The constraint: naive surge causes oscillation: surge goes up, riders stop requesting, surge drops, riders flood back, surge spikes again. We chose per-cell surge with EMA smoothing (not global surge, not instantaneous per-cell) because per-cell isolates geographic demand while EMA dampens the oscillation cycle.

“Without surge pricing, riders wait 30+ minutes and most give up.”

Trade-off: we accepted a 2-3 minute delay in surge response in exchange for stable pricing. The formula: compute ride requests per H3 cell over the last 5 minutes, divide by available drivers in that cell.

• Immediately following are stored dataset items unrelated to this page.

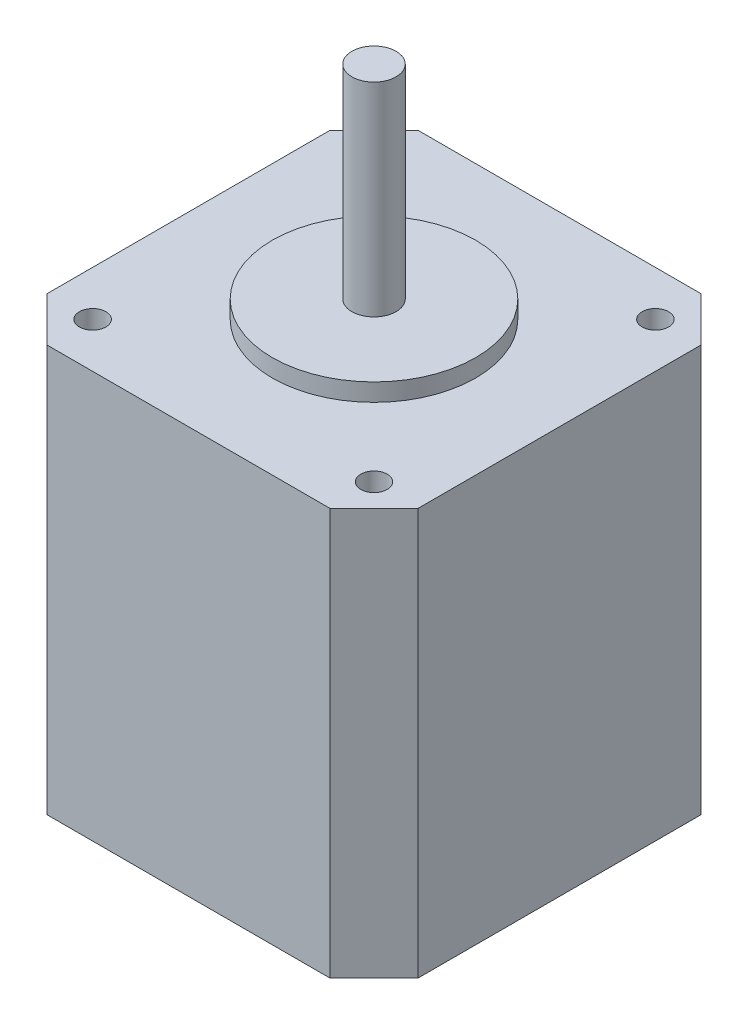
ISO-10303-21;
HEADER;
FILE_DESCRIPTION(('STEP AP214'),'2;1');
FILE_NAME('part.step','',(''),(''),'','','');
FILE_SCHEMA(('AUTOMOTIVE_DESIGN { 1 0 10303 214 1 1 1 1 }'));
ENDSEC;
DATA;
#1=APPLICATION_CONTEXT('core data for automotive mechanical design processes');
#2=APPLICATION_PROTOCOL_DEFINITION('international standard','automotive_design',2000,#1);
#3=PRODUCT_CONTEXT('',#1,'mechanical');
#4=PRODUCT('Part','Part','',(#3));
#5=PRODUCT_RELATED_PRODUCT_CATEGORY('part','',(#4));
#6=PRODUCT_DEFINITION_FORMATION('','',#4);
#7=PRODUCT_DEFINITION_CONTEXT('part definition',#1,'design');
#8=PRODUCT_DEFINITION('design','',#6,#7);
#9=PRODUCT_DEFINITION_SHAPE('','',#8);
#10=(LENGTH_UNIT() NAMED_UNIT(*) SI_UNIT(.MILLI.,.METRE.));
#11=(NAMED_UNIT(*) PLANE_ANGLE_UNIT() SI_UNIT($,.RADIAN.));
#12=(NAMED_UNIT(*) SI_UNIT($,.STERADIAN.) SOLID_ANGLE_UNIT());
#13=UNCERTAINTY_MEASURE_WITH_UNIT(LENGTH_MEASURE(1.E-05),#10,'distance_accuracy_value','');
#14=(GEOMETRIC_REPRESENTATION_CONTEXT(3) GLOBAL_UNCERTAINTY_ASSIGNED_CONTEXT((#13)) GLOBAL_UNIT_ASSIGNED_CONTEXT((#10,
#11,#12)) REPRESENTATION_CONTEXT('',''));
#15=CARTESIAN_POINT('',(0.,0.,0.));
#16=DIRECTION('',(0.,0.,1.));
#17=DIRECTION('',(1.,0.,0.));
#18=AXIS2_PLACEMENT_3D('',#15,#16,#17);
#19=CARTESIAN_POINT('',(0.,48.,0.));
#20=DIRECTION('',(0.,1.,0.));
#21=DIRECTION('',(0.,0.,1.));
#22=AXIS2_PLACEMENT_3D('',#19,#20,#21);
#23=PLANE('',#22);
#24=CARTESIAN_POINT('',(0.,48.,0.));
#25=DIRECTION('',(0.,1.,0.));
#26=DIRECTION('',(0.,0.,1.));
#27=AXIS2_PLACEMENT_3D('',#24,#25,#26);
#28=CIRCLE('',#27,11.5);
#29=CARTESIAN_POINT('',(0.,48.,11.5));
#30=VERTEX_POINT('',#29);
#31=EDGE_CURVE('E178',#30,#30,#28,.T.);
#32=ORIENTED_EDGE('',*,*,#31,.T.);
#33=EDGE_LOOP('',(#32));
#34=FACE_BOUND('',#33,.T.);
#35=CARTESIAN_POINT('',(0.,48.,0.));
#36=DIRECTION('',(0.,1.,0.));
#37=DIRECTION('',(0.,0.,1.));
#38=AXIS2_PLACEMENT_3D('',#35,#36,#37);
#39=CIRCLE('',#38,2.5);
#40=CARTESIAN_POINT('',(0.,48.,2.5));
#41=VERTEX_POINT('',#40);
#42=EDGE_CURVE('E37',#41,#41,#39,.F.);
#43=ORIENTED_EDGE('',*,*,#42,.T.);
#44=EDGE_LOOP('',(#43));
#45=FACE_BOUND('',#44,.T.);
#46=ADVANCED_FACE('F33',(#34,#45),#23,.T.);
#47=CARTESIAN_POINT('',(0.,46.,0.));
#48=DIRECTION('',(0.,-1.,0.));
#49=DIRECTION('',(0.,0.,-1.));
#50=AXIS2_PLACEMENT_3D('',#47,#48,#49);
#51=PLANE('',#50);
#52=CARTESIAN_POINT('',(-15.9099025766973,46.,15.9099025766973));
#53=DIRECTION('',(0.,1.,0.));
#54=DIRECTION('',(0.,0.,1.));
#55=AXIS2_PLACEMENT_3D('',#52,#53,#54);
#56=CIRCLE('',#55,1.5);
#57=CARTESIAN_POINT('',(-15.9099025766973,46.,17.4099025766973));
#58=VERTEX_POINT('',#57);
#59=EDGE_CURVE('E212',#58,#58,#56,.T.);
#60=ORIENTED_EDGE('',*,*,#59,.F.);
#61=EDGE_LOOP('',(#60));
#62=FACE_BOUND('',#61,.T.);
#63=CARTESIAN_POINT('',(15.9099025766973,46.,15.9099025766973));
#64=DIRECTION('',(0.,1.,0.));
#65=DIRECTION('',(0.,0.,1.));
#66=AXIS2_PLACEMENT_3D('',#63,#64,#65);
#67=CIRCLE('',#66,1.5);
#68=CARTESIAN_POINT('',(15.9099025766973,46.,17.4099025766973));
#69=VERTEX_POINT('',#68);
#70=EDGE_CURVE('E206',#69,#69,#67,.T.);
#71=ORIENTED_EDGE('',*,*,#70,.F.);
#72=EDGE_LOOP('',(#71));
#73=FACE_BOUND('',#72,.T.);
#74=CARTESIAN_POINT('',(15.9099025766973,46.,-15.9099025766973));
#75=DIRECTION('',(0.,1.,0.));
#76=DIRECTION('',(0.,0.,1.));
#77=AXIS2_PLACEMENT_3D('',#74,#75,#76);
#78=CIRCLE('',#77,1.5);
#79=CARTESIAN_POINT('',(15.9099025766973,46.,-14.4099025766973));
#80=VERTEX_POINT('',#79);
#81=EDGE_CURVE('E200',#80,#80,#78,.T.);
#82=ORIENTED_EDGE('',*,*,#81,.F.);
#83=EDGE_LOOP('',(#82));
#84=FACE_BOUND('',#83,.T.);
#85=CARTESIAN_POINT('',(-15.9099025766973,46.,-15.9099025766973));
#86=DIRECTION('',(0.,1.,0.));
#87=DIRECTION('',(0.,0.,1.));
#88=AXIS2_PLACEMENT_3D('',#85,#86,#87);
#89=CIRCLE('',#88,1.5);
#90=CARTESIAN_POINT('',(-15.9099025766973,46.,-14.4099025766973));
#91=VERTEX_POINT('',#90);
#92=EDGE_CURVE('E194',#91,#91,#89,.T.);
#93=ORIENTED_EDGE('',*,*,#92,.F.);
#94=EDGE_LOOP('',(#93));
#95=FACE_BOUND('',#94,.T.);
#96=DIRECTION('',(-1.,0.,0.));
#97=VECTOR('',#96,1.);
#98=CARTESIAN_POINT('',(-21.,46.,-21.));
#99=LINE('',#98,#97);
#100=CARTESIAN_POINT('',(16.,46.,-21.));
#101=VERTEX_POINT('',#100);
#102=CARTESIAN_POINT('',(-16.,46.,-21.));
#103=VERTEX_POINT('',#102);
#104=EDGE_CURVE('E173',#101,#103,#99,.T.);
#105=ORIENTED_EDGE('',*,*,#104,.T.);
#106=DIRECTION('',(0.707106781186549,0.,-0.707106781186546));
#107=VECTOR('',#106,1.);
#108=CARTESIAN_POINT('',(-21.,46.,-16.));
#109=LINE('',#108,#107);
#110=CARTESIAN_POINT('',(-21.,46.,-16.));
#111=VERTEX_POINT('',#110);
#112=EDGE_CURVE('E148',#103,#111,#109,.F.);
#113=ORIENTED_EDGE('',*,*,#112,.T.);
#114=DIRECTION('',(0.,0.,1.));
#115=VECTOR('',#114,1.);
#116=CARTESIAN_POINT('',(-21.,46.,21.));
#117=LINE('',#116,#115);
#118=CARTESIAN_POINT('',(-21.,46.,16.));
#119=VERTEX_POINT('',#118);
#120=EDGE_CURVE('E119',#111,#119,#117,.T.);
#121=ORIENTED_EDGE('',*,*,#120,.T.);
#122=DIRECTION('',(-0.707106781186546,0.,-0.707106781186549));
#123=VECTOR('',#122,1.);
#124=CARTESIAN_POINT('',(-16.,46.,21.));
#125=LINE('',#124,#123);
#126=CARTESIAN_POINT('',(-16.,46.,21.));
#127=VERTEX_POINT('',#126);
#128=EDGE_CURVE('E55',#119,#127,#125,.F.);
#129=ORIENTED_EDGE('',*,*,#128,.T.);
#130=DIRECTION('',(1.,0.,0.));
#131=VECTOR('',#130,1.);
#132=CARTESIAN_POINT('',(-21.,46.,21.));
#133=LINE('',#132,#131);
#134=CARTESIAN_POINT('',(16.,46.,21.));
#135=VERTEX_POINT('',#134);
#136=EDGE_CURVE('E134',#127,#135,#133,.T.);
#137=ORIENTED_EDGE('',*,*,#136,.T.);
#138=DIRECTION('',(-0.707106781186549,0.,0.707106781186547));
#139=VECTOR('',#138,1.);
#140=CARTESIAN_POINT('',(21.,46.,16.));
#141=LINE('',#140,#139);
#142=CARTESIAN_POINT('',(21.,46.,16.));
#143=VERTEX_POINT('',#142);
#144=EDGE_CURVE('E144',#135,#143,#141,.F.);
#145=ORIENTED_EDGE('',*,*,#144,.T.);
#146=DIRECTION('',(0.,0.,-1.));
#147=VECTOR('',#146,1.);
#148=CARTESIAN_POINT('',(21.,46.,21.));
#149=LINE('',#148,#147);
#150=CARTESIAN_POINT('',(21.,46.,-16.));
#151=VERTEX_POINT('',#150);
#152=EDGE_CURVE('E128',#143,#151,#149,.T.);
#153=ORIENTED_EDGE('',*,*,#152,.T.);
#154=DIRECTION('',(0.707106781186547,0.,0.707106781186549));
#155=VECTOR('',#154,1.);
#156=CARTESIAN_POINT('',(16.,46.,-21.));
#157=LINE('',#156,#155);
#158=EDGE_CURVE('E146',#151,#101,#157,.F.);
#159=ORIENTED_EDGE('',*,*,#158,.T.);
#160=EDGE_LOOP('',(#105,#113,#121,#129,#137,#145,#153,#159));
#161=FACE_BOUND('',#160,.T.);
#162=CARTESIAN_POINT('',(0.,46.,0.));
#163=DIRECTION('',(0.,-1.,0.));
#164=DIRECTION('',(0.,0.,-1.));
#165=AXIS2_PLACEMENT_3D('',#162,#163,#164);
#166=CIRCLE('',#165,11.5);
#167=CARTESIAN_POINT('',(0.,46.,-11.5));
#168=VERTEX_POINT('',#167);
#169=EDGE_CURVE('E11',#168,#168,#166,.F.);
#170=ORIENTED_EDGE('',*,*,#169,.F.);
#171=EDGE_LOOP('',(#170));
#172=FACE_BOUND('',#171,.T.);
#173=ADVANCED_FACE('F227',(#62,#73,#84,#95,#161,#172),#51,.F.);
#174=CARTESIAN_POINT('',(21.,46.,21.));
#175=DIRECTION('',(-1.,0.,0.));
#176=DIRECTION('',(0.,0.,1.));
#177=AXIS2_PLACEMENT_3D('',#174,#175,#176);
#178=PLANE('',#177);
#179=DIRECTION('',(0.,0.,-1.));
#180=VECTOR('',#179,1.);
#181=CARTESIAN_POINT('',(21.,0.,21.));
#182=LINE('',#181,#180);
#183=CARTESIAN_POINT('',(21.,0.,16.));
#184=VERTEX_POINT('',#183);
#185=CARTESIAN_POINT('',(21.,0.,-16.));
#186=VERTEX_POINT('',#185);
#187=EDGE_CURVE('E130',#184,#186,#182,.T.);
#188=ORIENTED_EDGE('',*,*,#187,.T.);
#189=DIRECTION('',(0.,1.,0.));
#190=VECTOR('',#189,1.);
#191=CARTESIAN_POINT('',(21.,46.,-16.));
#192=LINE('',#191,#190);
#193=EDGE_CURVE('E153',#186,#151,#192,.T.);
#194=ORIENTED_EDGE('',*,*,#193,.T.);
#195=ORIENTED_EDGE('',*,*,#152,.F.);
#196=DIRECTION('',(0.,-1.,0.));
#197=VECTOR('',#196,1.);
#198=CARTESIAN_POINT('',(21.,46.,16.));
#199=LINE('',#198,#197);
#200=EDGE_CURVE('E150',#143,#184,#199,.T.);
#201=ORIENTED_EDGE('',*,*,#200,.T.);
#202=EDGE_LOOP('',(#188,#194,#195,#201));
#203=FACE_BOUND('',#202,.T.);
#204=ADVANCED_FACE('F169',(#203),#178,.F.);
#205=CARTESIAN_POINT('',(-21.,46.,-21.));
#206=DIRECTION('',(0.,0.,1.));
#207=DIRECTION('',(1.,0.,0.));
#208=AXIS2_PLACEMENT_3D('',#205,#206,#207);
#209=PLANE('',#208);
#210=DIRECTION('',(-1.,0.,0.));
#211=VECTOR('',#210,1.);
#212=CARTESIAN_POINT('',(-21.,0.,-21.));
#213=LINE('',#212,#211);
#214=CARTESIAN_POINT('',(16.,0.,-21.));
#215=VERTEX_POINT('',#214);
#216=CARTESIAN_POINT('',(-16.,0.,-21.));
#217=VERTEX_POINT('',#216);
#218=EDGE_CURVE('E126',#215,#217,#213,.T.);
#219=ORIENTED_EDGE('',*,*,#218,.T.);
#220=DIRECTION('',(0.,1.,0.));
#221=VECTOR('',#220,1.);
#222=CARTESIAN_POINT('',(-16.,46.,-21.));
#223=LINE('',#222,#221);
#224=EDGE_CURVE('E105',#217,#103,#223,.T.);
#225=ORIENTED_EDGE('',*,*,#224,.T.);
#226=ORIENTED_EDGE('',*,*,#104,.F.);
#227=DIRECTION('',(0.,-1.,0.));
#228=VECTOR('',#227,1.);
#229=CARTESIAN_POINT('',(16.,46.,-21.));
#230=LINE('',#229,#228);
#231=EDGE_CURVE('E110',#101,#215,#230,.T.);
#232=ORIENTED_EDGE('',*,*,#231,.T.);
#233=EDGE_LOOP('',(#219,#225,#226,#232));
#234=FACE_BOUND('',#233,.T.);
#235=ADVANCED_FACE('F387',(#234),#209,.F.);
#236=CARTESIAN_POINT('',(-21.,46.,21.));
#237=DIRECTION('',(1.,0.,0.));
#238=DIRECTION('',(0.,0.,-1.));
#239=AXIS2_PLACEMENT_3D('',#236,#237,#238);
#240=PLANE('',#239);
#241=ORIENTED_EDGE('',*,*,#120,.F.);
#242=DIRECTION('',(0.,-1.,0.));
#243=VECTOR('',#242,1.);
#244=CARTESIAN_POINT('',(-21.,46.,-16.));
#245=LINE('',#244,#243);
#246=CARTESIAN_POINT('',(-21.,0.,-16.));
#247=VERTEX_POINT('',#246);
#248=EDGE_CURVE('E104',#111,#247,#245,.T.);
#249=ORIENTED_EDGE('',*,*,#248,.T.);
#250=DIRECTION('',(0.,0.,1.));
#251=VECTOR('',#250,1.);
#252=CARTESIAN_POINT('',(-21.,0.,21.));
#253=LINE('',#252,#251);
#254=CARTESIAN_POINT('',(-21.,0.,16.));
#255=VERTEX_POINT('',#254);
#256=EDGE_CURVE('E117',#247,#255,#253,.T.);
#257=ORIENTED_EDGE('',*,*,#256,.T.);
#258=DIRECTION('',(0.,1.,0.));
#259=VECTOR('',#258,1.);
#260=CARTESIAN_POINT('',(-21.,46.,16.));
#261=LINE('',#260,#259);
#262=EDGE_CURVE('E121',#255,#119,#261,.T.);
#263=ORIENTED_EDGE('',*,*,#262,.T.);
#264=EDGE_LOOP('',(#241,#249,#257,#263));
#265=FACE_BOUND('',#264,.T.);
#266=ADVANCED_FACE('F116',(#265),#240,.F.);
#267=CARTESIAN_POINT('',(-21.,46.,21.));
#268=DIRECTION('',(0.,0.,-1.));
#269=DIRECTION('',(-1.,0.,0.));
#270=AXIS2_PLACEMENT_3D('',#267,#268,#269);
#271=PLANE('',#270);
#272=DIRECTION('',(1.,0.,0.));
#273=VECTOR('',#272,1.);
#274=CARTESIAN_POINT('',(-21.,0.,21.));
#275=LINE('',#274,#273);
#276=CARTESIAN_POINT('',(-16.,0.,21.));
#277=VERTEX_POINT('',#276);
#278=CARTESIAN_POINT('',(16.,0.,21.));
#279=VERTEX_POINT('',#278);
#280=EDGE_CURVE('E125',#277,#279,#275,.T.);
#281=ORIENTED_EDGE('',*,*,#280,.T.);
#282=DIRECTION('',(0.,1.,0.));
#283=VECTOR('',#282,1.);
#284=CARTESIAN_POINT('',(16.,46.,21.));
#285=LINE('',#284,#283);
#286=EDGE_CURVE('E42',#279,#135,#285,.T.);
#287=ORIENTED_EDGE('',*,*,#286,.T.);
#288=ORIENTED_EDGE('',*,*,#136,.F.);
#289=DIRECTION('',(0.,-1.,0.));
#290=VECTOR('',#289,1.);
#291=CARTESIAN_POINT('',(-16.,46.,21.));
#292=LINE('',#291,#290);
#293=EDGE_CURVE('E155',#127,#277,#292,.T.);
#294=ORIENTED_EDGE('',*,*,#293,.T.);
#295=EDGE_LOOP('',(#281,#287,#288,#294));
#296=FACE_BOUND('',#295,.T.);
#297=ADVANCED_FACE('F159',(#296),#271,.F.);
#298=CARTESIAN_POINT('',(0.,0.,0.));
#299=DIRECTION('',(0.,-1.,0.));
#300=DIRECTION('',(0.,0.,-1.));
#301=AXIS2_PLACEMENT_3D('',#298,#299,#300);
#302=PLANE('',#301);
#303=ORIENTED_EDGE('',*,*,#256,.F.);
#304=DIRECTION('',(-0.707106781186549,0.,0.707106781186546));
#305=VECTOR('',#304,1.);
#306=CARTESIAN_POINT('',(-18.5,0.,-18.5));
#307=LINE('',#306,#305);
#308=EDGE_CURVE('E100',#247,#217,#307,.F.);
#309=ORIENTED_EDGE('',*,*,#308,.T.);
#310=ORIENTED_EDGE('',*,*,#218,.F.);
#311=DIRECTION('',(-0.707106781186547,0.,-0.707106781186549));
#312=VECTOR('',#311,1.);
#313=CARTESIAN_POINT('',(18.5,0.,-18.5));
#314=LINE('',#313,#312);
#315=EDGE_CURVE('E111',#215,#186,#314,.F.);
#316=ORIENTED_EDGE('',*,*,#315,.T.);
#317=ORIENTED_EDGE('',*,*,#187,.F.);
#318=DIRECTION('',(0.707106781186549,0.,-0.707106781186547));
#319=VECTOR('',#318,1.);
#320=CARTESIAN_POINT('',(18.5,0.,18.5));
#321=LINE('',#320,#319);
#322=EDGE_CURVE('E137',#184,#279,#321,.F.);
#323=ORIENTED_EDGE('',*,*,#322,.T.);
#324=ORIENTED_EDGE('',*,*,#280,.F.);
#325=DIRECTION('',(0.707106781186546,0.,0.707106781186549));
#326=VECTOR('',#325,1.);
#327=CARTESIAN_POINT('',(-18.5,0.,18.5));
#328=LINE('',#327,#326);
#329=EDGE_CURVE('E120',#277,#255,#328,.F.);
#330=ORIENTED_EDGE('',*,*,#329,.T.);
#331=EDGE_LOOP('',(#303,#309,#310,#316,#317,#323,#324,#330));
#332=FACE_BOUND('',#331,.T.);
#333=ADVANCED_FACE('F123',(#332),#302,.T.);
#334=CARTESIAN_POINT('',(-21.,46.,-16.));
#335=DIRECTION('',(0.707106781186546,0.,0.707106781186549));
#336=DIRECTION('',(0.,-1.,0.));
#337=AXIS2_PLACEMENT_3D('',#334,#335,#336);
#338=PLANE('',#337);
#339=ORIENTED_EDGE('',*,*,#112,.F.);
#340=ORIENTED_EDGE('',*,*,#224,.F.);
#341=ORIENTED_EDGE('',*,*,#308,.F.);
#342=ORIENTED_EDGE('',*,*,#248,.F.);
#343=EDGE_LOOP('',(#339,#340,#341,#342));
#344=FACE_BOUND('',#343,.T.);
#345=ADVANCED_FACE('F103',(#344),#338,.F.);
#346=CARTESIAN_POINT('',(16.,46.,-21.));
#347=DIRECTION('',(-0.707106781186549,0.,0.707106781186547));
#348=DIRECTION('',(0.,-1.,0.));
#349=AXIS2_PLACEMENT_3D('',#346,#347,#348);
#350=PLANE('',#349);
#351=ORIENTED_EDGE('',*,*,#158,.F.);
#352=ORIENTED_EDGE('',*,*,#193,.F.);
#353=ORIENTED_EDGE('',*,*,#315,.F.);
#354=ORIENTED_EDGE('',*,*,#231,.F.);
#355=EDGE_LOOP('',(#351,#352,#353,#354));
#356=FACE_BOUND('',#355,.T.);
#357=ADVANCED_FACE('F346',(#356),#350,.F.);
#358=CARTESIAN_POINT('',(21.,46.,16.));
#359=DIRECTION('',(-0.707106781186547,0.,-0.707106781186549));
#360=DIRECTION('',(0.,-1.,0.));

If the ratio exceeds 2:1, apply a multiplier:

\text{surge} = \min(\text{ratio} \times 0.5, 5.0)

. A 4:1 demand-to-supply ratio means a 2.0x surge.

We smooth with an Exponential Moving Average:

\text{EMA}_t = \alpha \times \text{ratio}_t + (1 - \alpha) \times \text{EMA}_{t-1}

with

\alpha = 0.3

. This dampens oscillation while still responding to genuine demand shifts.

Surge computation runs as a batch job every 60 seconds per cell. At 500K H3 cells covering active cities, that is 500K computations per minute.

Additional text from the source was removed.